Each entry in results.results contains seq_len, tokens_per_sec, latency_ms, peak_memory_gb, active_memory_gb, and soc_temp_c.

Interpreting Results¶

Speed¶

On a MacBook Air M4 with 16 GB unified memory, expect roughly:

Metric	Typical Range	Notes
Prefill (128 tokens)	800 to 2,000 tok/s	Short sequences are memory-bandwidth bound
Prefill (1024 tokens)	300 to 800 tok/s	Longer sequences amortize overhead better
Prefill (2048 tokens)	200 to 600 tok/s	Approaches compute-bound regime
Autoregressive decode	30 to 80 tok/s	Single-token forward passes have higher per-token overhead

Actual numbers vary by Mac model (M2 vs M4, Air vs Pro), memory pressure from other apps, and whether thermal throttling has kicked in. The Pro and Max chips sustain higher throughput for longer because of their cooling systems.

Memory¶

For the full Bit-Axon configuration (3.2B parameters, Q4 quantized):

Metric	Expected Range
Weight memory	~1.7 to 1.8 GB
Total at 4K context	~2.4 to 2.6 GB
Total at 64K context	~2.8 to 3.2 GB

If active memory is significantly higher than peak memory, the MLX allocator is holding onto cached buffers. Call mx.clear_cache() between runs if you need a clean measurement.

Temperature¶

Range	Meaning
40 to 60 °C	Idle to light load. Normal for short benchmarks.
60 to 80 °C	Moderate load. Sustained inference or small-batch training.
80 to 95 °C	Heavy load. Approaching thermal limits on fanless Macs.
95+ °C	Throttling likely. Expect clock speed reductions and lower throughput.

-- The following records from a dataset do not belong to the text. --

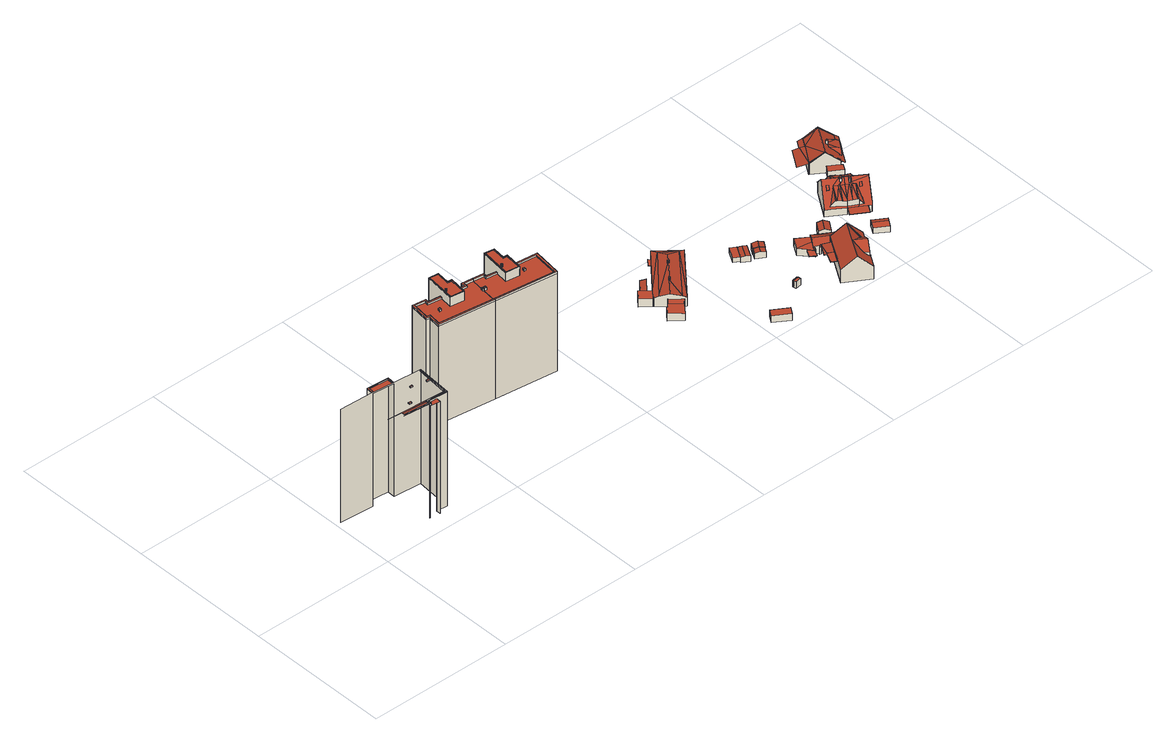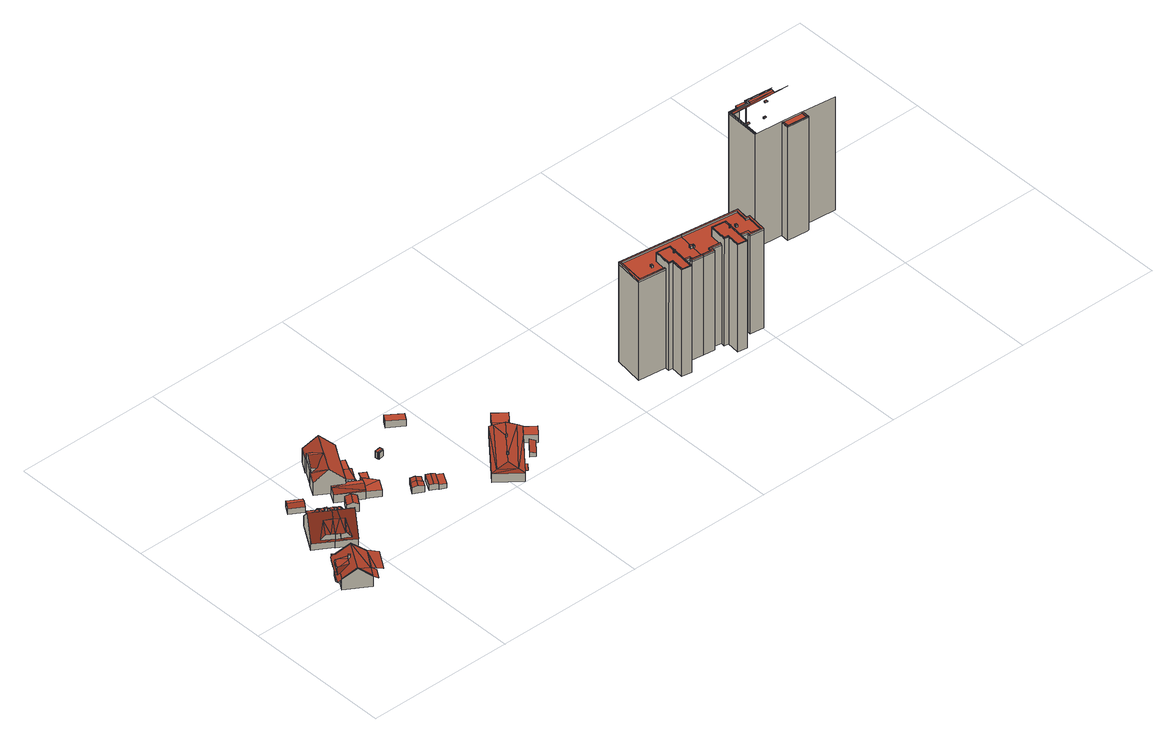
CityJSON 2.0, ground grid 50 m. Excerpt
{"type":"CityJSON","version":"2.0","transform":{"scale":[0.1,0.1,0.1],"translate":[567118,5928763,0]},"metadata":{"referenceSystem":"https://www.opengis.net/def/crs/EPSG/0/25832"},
"CityObjects":{
"building1":{"type":"Building","attributes":{"Grundfläche 2D":"1191.054651","Grundhöhe NN":"2.929"},"children":["building1-1","building1-2","building1-3","building1-4"],"geometry":[{"type":"MultiSurface","lod":"3","boundaries":[[[0,1,2,3,4,5,6,7]],[[8,9,10,11]],[[9,8,12,13]],[[14,15,11,16]],[[17,18,19,20,21,22,23,24,25,26,27,28,29]],[[30,31,32,33,34,35]],[[21,33,32,31,24,23,22]],[[36,37,38,39]],[[38,37,3]],[[3,40,41,4]],[[13,42,10,9]],[[3,37,43,40]],[[44,10,42,45]],[[40,46,47,41]],[[40,43,48,46]],[[49,50,48,43,37,36]],[[44,51,52,53,54,55,16,11,10]],[[46,56,57,47]],[[50,49,58,59]],[[33,21,20,34]],[[60,56,46,48,50,59]],[[52,51,44,45,61]],[[53,52,61,62,63,55,54]],[[56,64,18,65,57]],[[18,64,56,60,19]],[[66,55,63,67]]],"semantics":{"surfaces":[{"type":"WallSurface"},{"type":"RoofSurface"}],"values":[0,1,0,1,0,0,1,0,0,0,0,0,0,0,0,1,1,0,0,0,0,0,0,0,0,0]}}]},
"building1-1":{"type":"BuildingInstallation","parents":["building1"],"geometry":[{"type":"MultiSurface","lod":"3","boundaries":[[[68,69,70,71]],[[71,70,72,73]],[[68,71,73,74]],[[69,68,74,75]],[[70,69,75,72]]],"semantics":{"surfaces":[{"type":"RoofSurface"},{"type":"WallSurface"}],"values":[0,1,1,1,1]}}]},
"building1-2":{"type":"BuildingInstallation","parents":["building1"],"geometry":[{"type":"MultiSurface","lod":"3","boundaries":[[[76,77,78,79,80,81,82,83,84]],[[21,33,79,78]],[[33,32,31,81,80,79]],[[31,24,82,81]],[[23,83,82,24]],[[23,85,84,83]],[[76,84,85,86]],[[86,22,77,76]],[[21,78,77,22]]],"semantics":{"surfaces":[{"type":"RoofSurface"},{"type":"WallSurface"}],"values":[0,1,1,1,1,1,1,1,1]}}]},
"building1-3":{"type":"BuildingInstallation","parents":["building1"],"geometry":[{"type":"MultiSurface","lod":"3","boundaries":[[[87,88,89,90]],[[90,89,91,92]],[[87,90,92,93]],[[93,94,88,87]],[[94,91,89,88]]],"semantics":{"surfaces":[{"type":"RoofSurface"},{"type":"WallSurface"}],"values":[0,1,1,1,1]}}]},
"building1-4":{"type":"BuildingInstallation","parents":["building1"],"geometry":[{"type":"MultiSurface","lod":"3","boundaries":[[[95,96,97,98]],[[98,97,99,100]],[[95,98,100,101]],[[96,95,101,102]],[[97,96,102,99]]],"semantics":{"surfaces":[{"type":"RoofSurface"},{"type":"WallSurface"}],"values":[0,1,1,1,1]}}]},
"building2":{"type":"Building","attributes":{"Grundfläche 2D":"241.482255","Grundhöhe NN":"2.845"},"children":["building2-1","building2-2","building2-3","building2-4","building2-5","building2-6"],"geometry":[{"type":"Solid","lod":"3","boundaries":[[[[103,104,105,106,107,108,109,110,111,112,113,114,115,116,117,118,119]],[[120,121,122,123,124,125,126,127,128,129,130,131,132,133,134,135,136,137]],[[138,139,140,141,142,143]],[[110,109,121,120]],[[120,137,111,110]],[[136,112,111,137]],[[113,112,136,135]],[[114,113,135,134]],[[133,115,114,134]],[[133,132,116,115]],[[144,145,118,117]],[[146,119,118,145]],[[146,147,103,119]],[[147,148,104,103]],[[148,149,105,104]],[[150,106,105,149]],[[150,151,107,106]],[[151,152,121,109,108,107]],[[145,144,153,154]],[[146,145,154,155]],[[147,146,155,156]],[[148,147,156,157]],[[150,149,158,159]],[[149,148,157,158]],[[151,150,159,160]],[[161,162,125,124,123,122,121,152,151,160,163]],[[126,125,162,164]],[[127,126,164,165]],[[128,127,165,166]],[[138,143,167,168]],[[144,117,116,132,131,139,138,168,153]],[[139,131,130,140]],[[128,166,169,141,140,130,129]],[[142,141,169,170]],[[143,142,170,167]],[[160,159,158,157,156,155,154,153,168,167,170,169,166,165,164,162,161,163]]]],"semantics":{"surfaces":[{"type":"RoofSurface"},{"type":"WallSurface"},{"type":"GroundSurface"}],"values":[[0,0,0,1,1,1,1,1,1,1,1,1,1,1,1,1,1,1,1,1,1,1,1,1,1,1,1,1,1,1,1,1,1,1,1,2]]}}]},
"building2-1":{"type":"BuildingInstallation","parents":["building2"],"geometry":[{"type":"MultiSurface","lod":"3","boundaries":[[[171,172,173,174]],[[122,123,172,171]],[[123,175,173,172]],[[176,174,173,175]],[[176,122,171,174]]],"semantics":{"surfaces":[{"type":"RoofSurface"},{"type":"WallSurface"}],"values":[0,1,1,1,1]}}]},
"building2-2":{"type":"BuildingInstallation","parents":["building2"],"geometry":[{"type":"MultiSurface","lod":"3","boundaries":[[[177,178,179,180]],[[180,179,181,182]],[[177,180,182,183]],[[178,177,183,184]],[[179,178,184,181]]],"semantics":{"surfaces":[{"type":"RoofSurface"},{"type":"WallSurface"}],"values":[0,1,1,1,1]}}]},
"building2-3":{"type":"BuildingInstallation","parents":["building2"],"geometry":[{"type":"MultiSurface","lod":"3","boundaries":[[[185,186,187,188,189,190,191,192,193]],[[124,125,188,187]],[[125,126,189,188]],[[126,127,190,189]],[[127,128,191,190]],[[128,129,192,191]],[[129,194,193,192]],[[194,195,185,193]],[[195,196,186,185]],[[196,124,187,186]]],"semantics":{"surfaces":[{"type":"RoofSurface"},{"type":"WallSurface"}],"values":[0,1,1,1,1,1,1,1,1,1]}}]},
"building2-4":{"type":"BuildingInstallation","parents":["building2"],"geometry":[{"type":"MultiSurface","lod":"3","boundaries":[[[197,198,199,200,201,202]],[[143,138,199,198]],[[138,139,200,199]],[[203,204,202,201]],[[204,205,197,202]]],"semantics":{"surfaces":[{"type":"RoofSurface"},{"type":"WallSurface"}],"values":[0,1,1,1,1]}}]},
"building2-5":{"type":"BuildingInstallation","parents":["building2"],"geometry":[{"type":"MultiSurface","lod":"3","boundaries":[[[206,207,208,209,210,211,212,213,214,215,216,217,218,219,220,221]],[[222,223,210,209]],[[223,224,211,210]],[[224,225,212,211]],[[225,226,213,212]],[[226,227,214,213]],[[227,228,215,214]],[[228,229,216,215]],[[229,230,217,216]],[[230,231,218,217]],[[231,232,219,218]],[[220,219,232,233]],[[233,234,221,220]],[[234,235,206,221]],[[235,236,207,206]],[[236,237,208,207]],[[237,222,209,208]]],"semantics":{"surfaces":[{"type":"RoofSurface"},{"type":"WallSurface"}],"values":[0,1,1,1,1,1,1,1,1,1,1,1,1,1,1,1,1]}}]},
"building2-6":{"type":"BuildingInstallation","parents":["building2"],"geometry":[{"type":"MultiSurface","lod":"3","boundaries":[[[238,239,198,197,240,241,242,243,244,201,200,245]],[[240,197,205,246]],[[241,240,246,247]],[[242,241,247,248]],[[243,242,248,249]],[[244,243,249,250]],[[201,244,250,203]],[[139,140,245,200]],[[140,141,238,245]],[[141,142,239,238]],[[142,143,198,239]]],"semantics":{"surfaces":[{"type":"RoofSurface"},{"type":"WallSurface"}],"values":[0,1,1,1,1,1,1,1,1,1,1]}}]},
"building3":{"type":"Building","attributes":{"Grundfläche 2D":"248.450884","Grundhöhe NN":"2.843"},"children":["building3-1","building3-2","building3-3","building3-4","building3-5","building3-6"],"geometry":[{"type":"Solid","lod":"3","boundaries":[[[[251,252,253,254,255,256,109,108,107]],[[257,258,259,260,261,262,263]],[[264,265,266,267,125,124,123,121,268,269,270,271,272]],[[255,254,270,269]],[[256,255,269,268]],[[109,256,268,121]],[[151,107,108,109,121,152]],[[151,273,251,107]],[[273,274,252,251]],[[274,275,253,252]],[[254,253,275,276,277,258,257,271,270]],[[278,260,259,258,277,279]],[[261,260,278,280]],[[262,261,280,281]],[[265,264,272,263,262,281,282]],[[263,272,271,257]],[[160,151,152,121,123,124,125,162,283]],[[273,151,160,284]],[[274,273,284,285]],[[275,274,285,276]],[[266,265,282,286]],[[267,266,286,287]],[[125,267,287,162]],[[276,285,284,160,283,162,287,286,282,281,280,278,279,277]]]],"semantics":{"surfaces":[{"type":"RoofSurface"},{"type":"WallSurface"},{"type":"GroundSurface"}],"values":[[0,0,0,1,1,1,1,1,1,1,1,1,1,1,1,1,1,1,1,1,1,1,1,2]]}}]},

Fanless machines (MacBook Air) hit thermal limits faster than actively cooled models (MacBook Pro, Mac Studio). If you see temperatures climbing above 90 °C during training, consider reducing batch size or increasing the poll interval to allow cooldown between steps.

Tips¶

Always warm up. MLX compiles kernels lazily. The first few forward passes are slow because of Metal shader compilation. The profilers handle this with num_warmup, but if you write custom measurement code, account for it.
Synchronize before timing. MLX operations are asynchronous. Always call mx.synchronize() before starting and stopping the timer, as the profilers do internally.
Close other apps before benchmarking. GPU memory and thermal headroom are shared across the system. A browser with 50 tabs will skew your numbers.
Run multiple iterations. A single measurement can be noisy due to OS scheduling and thermal state changes. Five or more iterations give a stable mean.
Use --config-small for iteration speed. When you are debugging the benchmark pipeline itself rather than measuring real performance, the small config loads near-instantly and keeps iteration times under a second.